What you will do :: Reproduce word for word the lines between those holding "#224=CARTESIAN_POINT('',(20.,54.9237224693032,0.));" and "#233=LINE('',#232,#231);", inclusive, and nothing else from the data below.

Data supplied ::
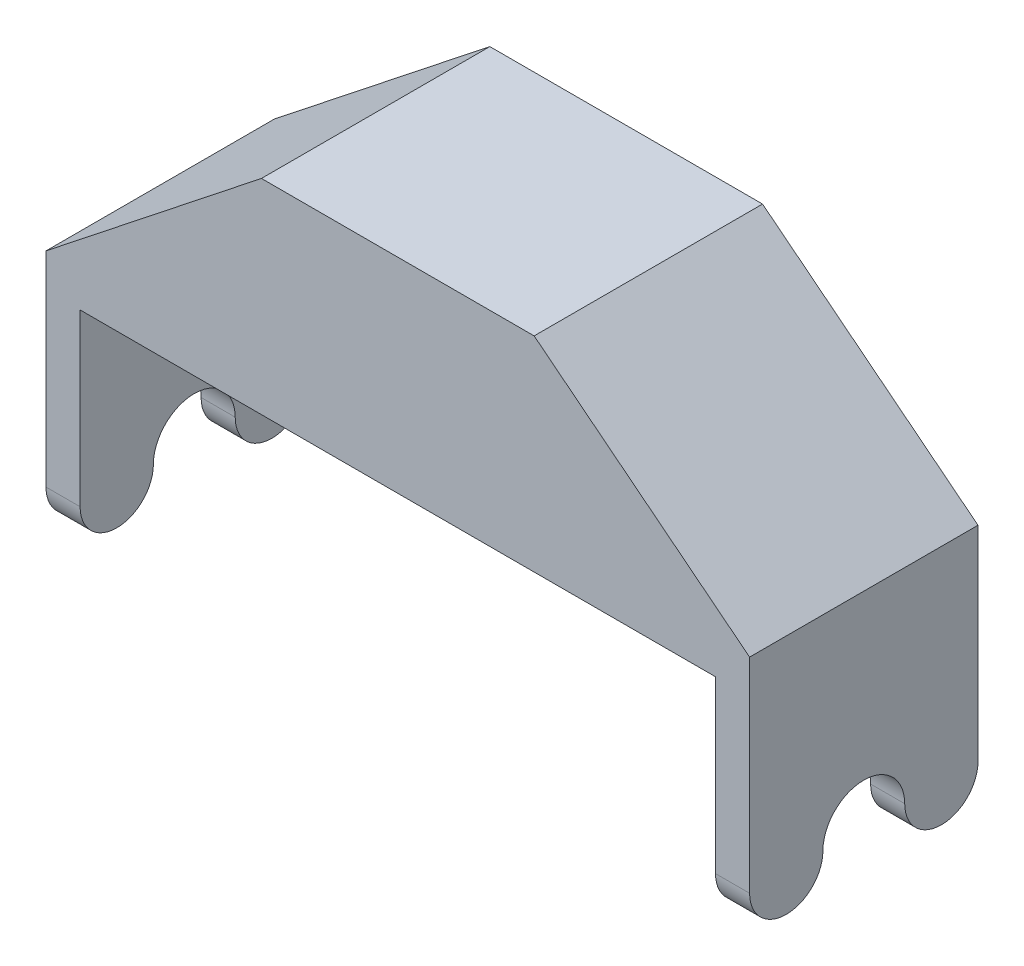
ISO-10303-21;
HEADER;
FILE_DESCRIPTION(('STEP AP214'),'2;1');
FILE_NAME('part.step','',(''),(''),'','','');
FILE_SCHEMA(('AUTOMOTIVE_DESIGN { 1 0 10303 214 1 1 1 1 }'));
ENDSEC;
DATA;
#1=APPLICATION_CONTEXT('core data for automotive mechanical design processes');
#2=APPLICATION_PROTOCOL_DEFINITION('international standard','automotive_design',2000,#1);
#3=PRODUCT_CONTEXT('',#1,'mechanical');
#4=PRODUCT('Part','Part','',(#3));
#5=PRODUCT_RELATED_PRODUCT_CATEGORY('part','',(#4));
#6=PRODUCT_DEFINITION_FORMATION('','',#4);
#7=PRODUCT_DEFINITION_CONTEXT('part definition',#1,'design');
#8=PRODUCT_DEFINITION('design','',#6,#7);
#9=PRODUCT_DEFINITION_SHAPE('','',#8);
#10=(LENGTH_UNIT() NAMED_UNIT(*) SI_UNIT(.MILLI.,.METRE.));
#11=(NAMED_UNIT(*) PLANE_ANGLE_UNIT() SI_UNIT($,.RADIAN.));
#12=(NAMED_UNIT(*) SI_UNIT($,.STERADIAN.) SOLID_ANGLE_UNIT());
#13=UNCERTAINTY_MEASURE_WITH_UNIT(LENGTH_MEASURE(1.E-05),#10,'distance_accuracy_value','');
#14=(GEOMETRIC_REPRESENTATION_CONTEXT(3) GLOBAL_UNCERTAINTY_ASSIGNED_CONTEXT((#13)) GLOBAL_UNIT_ASSIGNED_CONTEXT((#10,
#11,#12)) REPRESENTATION_CONTEXT('',''));
#15=CARTESIAN_POINT('',(0.,0.,0.));
#16=DIRECTION('',(0.,0.,1.));
#17=DIRECTION('',(1.,0.,0.));
#18=AXIS2_PLACEMENT_3D('',#15,#16,#17);
#19=CARTESIAN_POINT('',(68.5705627484771,-0.0762775306967347,16.75));
#20=DIRECTION('',(-1.,0.,0.));
#21=DIRECTION('',(0.,-1.,0.));
#22=AXIS2_PLACEMENT_3D('',#19,#20,#21);
#23=CYLINDRICAL_SURFACE('',#22,6.);
#24=DIRECTION('',(-1.,0.,0.));
#25=VECTOR('',#24,1.);
#26=CARTESIAN_POINT('',(68.5705627484771,-0.0762775306967623,10.75));
#27=LINE('',#26,#25);
#28=CARTESIAN_POINT('',(-46.6,-0.0762775306967614,10.75));
#29=VERTEX_POINT('',#28);
#30=CARTESIAN_POINT('',(-51.6,-0.0762775306967625,10.75));
#31=VERTEX_POINT('',#30);
#32=EDGE_CURVE('E219',#29,#31,#27,.T.);
#33=ORIENTED_EDGE('',*,*,#32,.F.);
#34=CARTESIAN_POINT('',(-46.6,-0.0762775306967614,16.75));
#35=DIRECTION('',(-1.,0.,0.));
#36=DIRECTION('',(0.,0.,1.));
#37=AXIS2_PLACEMENT_3D('',#34,#35,#36);
#38=CIRCLE('',#37,6.);
#39=CARTESIAN_POINT('',(-46.6,-0.0762775306967614,22.75));
#40=VERTEX_POINT('',#39);
#41=EDGE_CURVE('E187',#29,#40,#38,.F.);
#42=ORIENTED_EDGE('',*,*,#41,.T.);
#43=DIRECTION('',(-1.,0.,0.));
#44=VECTOR('',#43,1.);
#45=CARTESIAN_POINT('',(68.5705627484771,-0.0762775306967623,22.75));
#46=LINE('',#45,#44);
#47=CARTESIAN_POINT('',(-51.6,-0.0762775306967623,22.75));
#48=VERTEX_POINT('',#47);
#49=EDGE_CURVE('E69',#48,#40,#46,.F.);
#50=ORIENTED_EDGE('',*,*,#49,.F.);
#51=CARTESIAN_POINT('',(-51.6,-0.0762775306967625,16.75));
#52=DIRECTION('',(-1.,0.,0.));
#53=DIRECTION('',(0.,-1.,0.));
#54=AXIS2_PLACEMENT_3D('',#51,#52,#53);
#55=CIRCLE('',#54,6.);
#56=EDGE_CURVE('E203',#48,#31,#55,.T.);
#57=ORIENTED_EDGE('',*,*,#56,.T.);
#58=EDGE_LOOP('',(#33,#42,#50,#57));
#59=FACE_BOUND('',#58,.T.);
#60=ADVANCED_FACE('F45',(#59),#23,.F.);
#61=CARTESIAN_POINT('',(66.8027957955108,-0.0762775306967352,28.125));
#62=DIRECTION('',(-1.,0.,0.));
#63=DIRECTION('',(0.,-1.,0.));
#64=AXIS2_PLACEMENT_3D('',#61,#62,#63);
#65=CYLINDRICAL_SURFACE('',#64,5.375);
#66=CARTESIAN_POINT('',(-46.6,-0.0762775306967614,28.125));
#67=DIRECTION('',(-1.,0.,0.));
#68=DIRECTION('',(0.,0.,1.));
#69=AXIS2_PLACEMENT_3D('',#66,#67,#68);
#70=CIRCLE('',#69,5.375);
#71=CARTESIAN_POINT('',(-46.6,-0.0762775306967506,33.5));
#72=VERTEX_POINT('',#71);
#73=EDGE_CURVE('E190',#72,#40,#70,.F.);
#74=ORIENTED_EDGE('',*,*,#73,.F.);
#75=DIRECTION('',(1.,0.,0.));
#76=VECTOR('',#75,1.);
#77=CARTESIAN_POINT('',(-51.6,-0.0762775306967623,33.5));
#78=LINE('',#77,#76);
#79=CARTESIAN_POINT('',(-51.6,-0.0762775306967623,33.5));
#80=VERTEX_POINT('',#79);
#81=EDGE_CURVE('E225',#80,#72,#78,.T.);
#82=ORIENTED_EDGE('',*,*,#81,.F.);
#83=CARTESIAN_POINT('',(-51.6,-0.0762775306967625,28.125));
#84=DIRECTION('',(-1.,0.,0.));
#85=DIRECTION('',(0.,-1.,0.));
#86=AXIS2_PLACEMENT_3D('',#83,#84,#85);
#87=CIRCLE('',#86,5.375);
#88=EDGE_CURVE('E199',#48,#80,#87,.T.);
#89=ORIENTED_EDGE('',*,*,#88,.F.);
#90=ORIENTED_EDGE('',*,*,#49,.T.);
#91=EDGE_LOOP('',(#74,#82,#89,#90));
#92=FACE_BOUND('',#91,.T.);
#93=ADVANCED_FACE('F337',(#92),#65,.T.);
#94=CARTESIAN_POINT('',(66.8027957955108,-0.0762775306967352,5.375));
#95=DIRECTION('',(-1.,0.,0.));
#96=DIRECTION('',(0.,-1.,0.));
#97=AXIS2_PLACEMENT_3D('',#94,#95,#96);
#98=CYLINDRICAL_SURFACE('',#97,5.375);
#99=CARTESIAN_POINT('',(-46.6,-0.0762775306967614,5.375));
#100=DIRECTION('',(-1.,0.,0.));
#101=DIRECTION('',(0.,0.,1.));
#102=AXIS2_PLACEMENT_3D('',#99,#100,#101);
#103=CIRCLE('',#102,5.375);
#104=CARTESIAN_POINT('',(-46.6,-0.0762775306967506,0.));
#105=VERTEX_POINT('',#104);
#106=EDGE_CURVE('E11',#29,#105,#103,.F.);
#107=ORIENTED_EDGE('',*,*,#106,.F.);
#108=ORIENTED_EDGE('',*,*,#32,.T.);
#109=CARTESIAN_POINT('',(-51.6,-0.0762775306967625,5.375));
#110=DIRECTION('',(-1.,0.,0.));
#111=DIRECTION('',(0.,-1.,0.));
#112=AXIS2_PLACEMENT_3D('',#109,#110,#111);
#113=CIRCLE('',#112,5.375);
#114=CARTESIAN_POINT('',(-51.6,-0.0762775306967623,0.));
#115=VERTEX_POINT('',#114);
#116=EDGE_CURVE('E194',#115,#31,#113,.T.);
#117=ORIENTED_EDGE('',*,*,#116,.F.);
#118=DIRECTION('',(1.,0.,0.));
#119=VECTOR('',#118,1.);
#120=CARTESIAN_POINT('',(-51.6,-0.0762775306967623,0.));
#121=LINE('',#120,#119);
#122=EDGE_CURVE('E245',#115,#105,#121,.T.);
#123=ORIENTED_EDGE('',*,*,#122,.T.);
#124=EDGE_LOOP('',(#107,#108,#117,#123));
#125=FACE_BOUND('',#124,.T.);
#126=ADVANCED_FACE('F313',(#125),#98,.T.);
#127=CARTESIAN_POINT('',(51.6,-0.0762775306967623,33.5));
#128=DIRECTION('',(-1.,0.,0.));
#129=DIRECTION('',(0.,-1.,0.));
#130=AXIS2_PLACEMENT_3D('',#127,#128,#129);
#131=PLANE('',#130);
#132=CARTESIAN_POINT('',(51.6,-0.0762775306967387,16.75));
#133=DIRECTION('',(-1.,0.,0.));
#134=DIRECTION('',(0.,-1.,0.));
#135=AXIS2_PLACEMENT_3D('',#132,#133,#134);
#136=CIRCLE('',#135,6.);
#137=CARTESIAN_POINT('',(51.6,-0.0762775306967623,10.75));
#138=VERTEX_POINT('',#137);
#139=CARTESIAN_POINT('',(51.6,-0.0762775306967387,22.75));
#140=VERTEX_POINT('',#139);
#141=EDGE_CURVE('E212',#138,#140,#136,.F.);
#142=ORIENTED_EDGE('',*,*,#141,.F.);
#143=CARTESIAN_POINT('',(51.6,-0.0762775306967387,5.375));
#144=DIRECTION('',(-1.,0.,0.));
#145=DIRECTION('',(0.,-1.,0.));
#146=AXIS2_PLACEMENT_3D('',#143,#144,#145);
#147=CIRCLE('',#146,5.375);
#148=CARTESIAN_POINT('',(51.6,-0.0762775306967623,0.));
#149=VERTEX_POINT('',#148);
#150=EDGE_CURVE('E198',#138,#149,#147,.F.);
#151=ORIENTED_EDGE('',*,*,#150,.T.);
#152=DIRECTION('',(0.,1.,0.));
#153=VECTOR('',#152,1.);
#154=CARTESIAN_POINT('',(51.6,-0.0762775306967623,0.));
#155=LINE('',#154,#153);
#156=CARTESIAN_POINT('',(51.6,29.9237224693032,0.));
#157=VERTEX_POINT('',#156);
#158=EDGE_CURVE('E249',#149,#157,#155,.T.);
#159=ORIENTED_EDGE('',*,*,#158,.T.);
#160=DIRECTION('',(0.,0.,-1.));
#161=VECTOR('',#160,1.);
#162=CARTESIAN_POINT('',(51.6,29.9237224693032,33.5));
#163=LINE('',#162,#161);
#164=CARTESIAN_POINT('',(51.6,29.9237224693032,33.5));
#165=VERTEX_POINT('',#164);
#166=EDGE_CURVE('E275',#165,#157,#163,.T.);
#167=ORIENTED_EDGE('',*,*,#166,.F.);
#168=DIRECTION('',(0.,1.,0.));
#169=VECTOR('',#168,1.);
#170=CARTESIAN_POINT('',(51.6,-0.0762775306967623,33.5));
#171=LINE('',#170,#169);
#172=CARTESIAN_POINT('',(51.6,-0.0762775306967623,33.5));
#173=VERTEX_POINT('',#172);
#174=EDGE_CURVE('E228',#173,#165,#171,.T.);
#175=ORIENTED_EDGE('',*,*,#174,.F.);
#176=CARTESIAN_POINT('',(51.6,-0.0762775306967387,28.125));
#177=DIRECTION('',(-1.,0.,0.));
#178=DIRECTION('',(0.,-1.,0.));
#179=AXIS2_PLACEMENT_3D('',#176,#177,#178);
#180=CIRCLE('',#179,5.375);
#181=EDGE_CURVE('E193',#173,#140,#180,.F.);
#182=ORIENTED_EDGE('',*,*,#181,.T.);
#183=EDGE_LOOP('',(#142,#151,#159,#167,#175,#182));
#184=FACE_BOUND('',#183,.T.);
#185=ADVANCED_FACE('F47',(#184),#131,.F.);
#186=CARTESIAN_POINT('',(51.6,29.9237224693032,33.5));
#187=DIRECTION('',(-0.620448640349893,-0.784247081402264,0.));
#188=DIRECTION('',(0.784247081402264,-0.620448640349893,0.));
#189=AXIS2_PLACEMENT_3D('',#186,#187,#188);
#190=PLANE('',#189);
#191=DIRECTION('',(-0.784247081402264,0.620448640349893,0.));
#192=VECTOR('',#191,1.);
#193=CARTESIAN_POINT('',(51.6,29.9237224693032,0.));
#194=LINE('',#193,#192);
#195=CARTESIAN_POINT('',(20.,54.9237224693032,0.));
#196=VERTEX_POINT('',#195);
#197=EDGE_CURVE('E252',#157,#196,#194,.T.);
#198=ORIENTED_EDGE('',*,*,#197,.T.);
#199=DIRECTION('',(0.,0.,-1.));
#200=VECTOR('',#199,1.);
#201=CARTESIAN_POINT('',(20.,54.9237224693032,33.5));
#202=LINE('',#201,#200);
#203=CARTESIAN_POINT('',(20.,54.9237224693032,33.5));
#204=VERTEX_POINT('',#203);
#205=EDGE_CURVE('E271',#204,#196,#202,.T.);
#206=ORIENTED_EDGE('',*,*,#205,.F.);
#207=DIRECTION('',(-0.784247081402264,0.620448640349893,0.));
#208=VECTOR('',#207,1.);
#209=CARTESIAN_POINT('',(51.6,29.9237224693032,33.5));
#210=LINE('',#209,#208);
#211=EDGE_CURVE('E232',#165,#204,#210,.T.);
#212=ORIENTED_EDGE('',*,*,#211,.F.);
#213=ORIENTED_EDGE('',*,*,#166,.T.);
#214=EDGE_LOOP('',(#198,#206,#212,#213));
#215=FACE_BOUND('',#214,.T.);
#216=ADVANCED_FACE('F332',(#215),#190,.F.);
#217=CARTESIAN_POINT('',(20.,54.9237224693032,33.5));
#218=DIRECTION('',(0.,-1.,0.));
#219=DIRECTION('',(0.,0.,-1.));
#220=AXIS2_PLACEMENT_3D('',#217,#218,#219);
#221=PLANE('',#220);
#222=DIRECTION('',(-1.,0.,0.));
#223=VECTOR('',#222,1.);
#224=CARTESIAN_POINT('',(20.,54.9237224693032,0.));
#225=LINE('',#224,#223);
#226=CARTESIAN_POINT('',(-20.,54.9237224693032,0.));
#227=VERTEX_POINT('',#226);
#228=EDGE_CURVE('E255',#196,#227,#225,.T.);
#229=ORIENTED_EDGE('',*,*,#228,.T.);
#230=DIRECTION('',(0.,0.,-1.));
#231=VECTOR('',#230,1.);
#232=CARTESIAN_POINT('',(-20.,54.9237224693032,33.5));
#233=LINE('',#232,#231);
#234=CARTESIAN_POINT('',(-20.,54.9237224693032,33.5));
#235=VERTEX_POINT('',#234);
#236=EDGE_CURVE('E267',#235,#227,#233,.T.);
#237=ORIENTED_EDGE('',*,*,#236,.F.);
#238=DIRECTION('',(-1.,0.,0.));
#239=VECTOR('',#238,1.);
#240=CARTESIAN_POINT('',(20.,54.9237224693032,33.5));
#241=LINE('',#240,#239);
#242=EDGE_CURVE('E235',#204,#235,#241,.T.);
#243=ORIENTED_EDGE('',*,*,#242,.F.);
#244=ORIENTED_EDGE('',*,*,#205,.T.);
#245=EDGE_LOOP('',(#229,#237,#243,#244));
#246=FACE_BOUND('',#245,.T.);
#247=ADVANCED_FACE('F328',(#246),#221,.F.);
#248=CARTESIAN_POINT('',(-20.,54.9237224693032,33.5));
#249=DIRECTION('',(0.620448640349893,-0.784247081402264,0.));
#250=DIRECTION('',(0.784247081402264,0.620448640349893,0.));
#251=AXIS2_PLACEMENT_3D('',#248,#249,#250);
#252=PLANE('',#251);
#253=DIRECTION('',(-0.784247081402264,-0.620448640349893,0.));
#254=VECTOR('',#253,1.);
#255=CARTESIAN_POINT('',(-20.,54.9237224693032,0.));
#256=LINE('',#255,#254);
#257=CARTESIAN_POINT('',(-51.6,29.9237224693032,0.));
#258=VERTEX_POINT('',#257);
#259=EDGE_CURVE('E258',#227,#258,#256,.T.);
#260=ORIENTED_EDGE('',*,*,#259,.T.);
#261=DIRECTION('',(0.,0.,-1.));
#262=VECTOR('',#261,1.);
#263=CARTESIAN_POINT('',(-51.6,29.9237224693032,33.5));
#264=LINE('',#263,#262);
#265=CARTESIAN_POINT('',(-51.6,29.9237224693032,33.5));
#266=VERTEX_POINT('',#265);
#267=EDGE_CURVE('E244',#266,#258,#264,.T.);
#268=ORIENTED_EDGE('',*,*,#267,.F.);
#269=DIRECTION('',(-0.784247081402264,-0.620448640349893,0.));
#270=VECTOR('',#269,1.);
#271=CARTESIAN_POINT('',(-20.,54.9237224693032,33.5));
#272=LINE('',#271,#270);
#273=EDGE_CURVE('E238',#235,#266,#272,.T.);
#274=ORIENTED_EDGE('',*,*,#273,.F.);
#275=ORIENTED_EDGE('',*,*,#236,.T.);
#276=EDGE_LOOP('',(#260,#268,#274,#275));
#277=FACE_BOUND('',#276,.T.);
#278=ADVANCED_FACE('F323',(#277),#252,.F.);
#279=CARTESIAN_POINT('',(-51.6,29.9237224693032,33.5));
#280=DIRECTION('',(1.,0.,0.));
#281=DIRECTION('',(0.,1.,0.));
#282=AXIS2_PLACEMENT_3D('',#279,#280,#281);
#283=PLANE('',#282);
#284=DIRECTION('',(0.,-1.,0.));
#285=VECTOR('',#284,1.);
#286=CARTESIAN_POINT('',(-51.6,29.9237224693032,0.));
#287=LINE('',#286,#285);
#288=EDGE_CURVE('E261',#258,#115,#287,.T.);
#289=ORIENTED_EDGE('',*,*,#288,.T.);
#290=ORIENTED_EDGE('',*,*,#116,.T.);
#291=ORIENTED_EDGE('',*,*,#56,.F.);
#292=ORIENTED_EDGE('',*,*,#88,.T.);
#293=DIRECTION('',(0.,-1.,0.));
#294=VECTOR('',#293,1.);
#295=CARTESIAN_POINT('',(-51.6,29.9237224693032,33.5));
#296=LINE('',#295,#294);
#297=EDGE_CURVE('E241',#266,#80,#296,.T.);
#298=ORIENTED_EDGE('',*,*,#297,.F.);
#299=ORIENTED_EDGE('',*,*,#267,.T.);
#300=EDGE_LOOP('',(#289,#290,#291,#292,#298,#299));
#301=FACE_BOUND('',#300,.T.);
#302=ADVANCED_FACE('F316',(#301),#283,.F.);
#303=CARTESIAN_POINT('',(0.,0.,33.5));
#304=DIRECTION('',(0.,0.,1.));
#305=DIRECTION('',(1.,0.,0.));
#306=AXIS2_PLACEMENT_3D('',#303,#304,#305);
#307=PLANE('',#306);
#308=DIRECTION('',(0.,-1.,0.));
#309=VECTOR('',#308,1.);
#310=CARTESIAN_POINT('',(-46.6,-0.0762775306967623,33.5));
#311=LINE('',#310,#309);
#312=CARTESIAN_POINT('',(-46.6,24.9237224693032,33.5));
#313=VERTEX_POINT('',#312);
#314=EDGE_CURVE('E168',#313,#72,#311,.T.);
#315=ORIENTED_EDGE('',*,*,#314,.F.);
#316=DIRECTION('',(-1.,0.,0.));
#317=VECTOR('',#316,1.);
#318=CARTESIAN_POINT('',(-46.6,24.9237224693032,33.5));
#319=LINE('',#318,#317);
#320=CARTESIAN_POINT('',(46.6,24.9237224693032,33.5));
#321=VERTEX_POINT('',#320);
#322=EDGE_CURVE('E157',#321,#313,#319,.T.);
#323=ORIENTED_EDGE('',*,*,#322,.F.);
#324=DIRECTION('',(0.,1.,0.));
#325=VECTOR('',#324,1.);
#326=CARTESIAN_POINT('',(46.6,24.9237224693032,33.5));
#327=LINE('',#326,#325);
#328=CARTESIAN_POINT('',(46.6,-0.07627753069675,33.5));
#329=VERTEX_POINT('',#328);
#330=EDGE_CURVE('E147',#329,#321,#327,.T.);
#331=ORIENTED_EDGE('',*,*,#330,.F.);
#332=EDGE_CURVE('E229',#329,#173,#78,.T.);
#333=ORIENTED_EDGE('',*,*,#332,.T.);
#334=ORIENTED_EDGE('',*,*,#174,.T.);
#335=ORIENTED_EDGE('',*,*,#211,.T.);
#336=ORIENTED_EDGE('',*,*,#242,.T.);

The answer ::
#224=CARTESIAN_POINT('',(20.,54.9237224693032,0.));
#225=LINE('',#224,#223);
#226=CARTESIAN_POINT('',(-20.,54.9237224693032,0.));
#227=VERTEX_POINT('',#226);
#228=EDGE_CURVE('E255',#196,#227,#225,.T.);
#229=ORIENTED_EDGE('',*,*,#228,.T.);
#230=DIRECTION('',(0.,0.,-1.));
#231=VECTOR('',#230,1.);
#232=CARTESIAN_POINT('',(-20.,54.9237224693032,33.5));
#233=LINE('',#232,#231);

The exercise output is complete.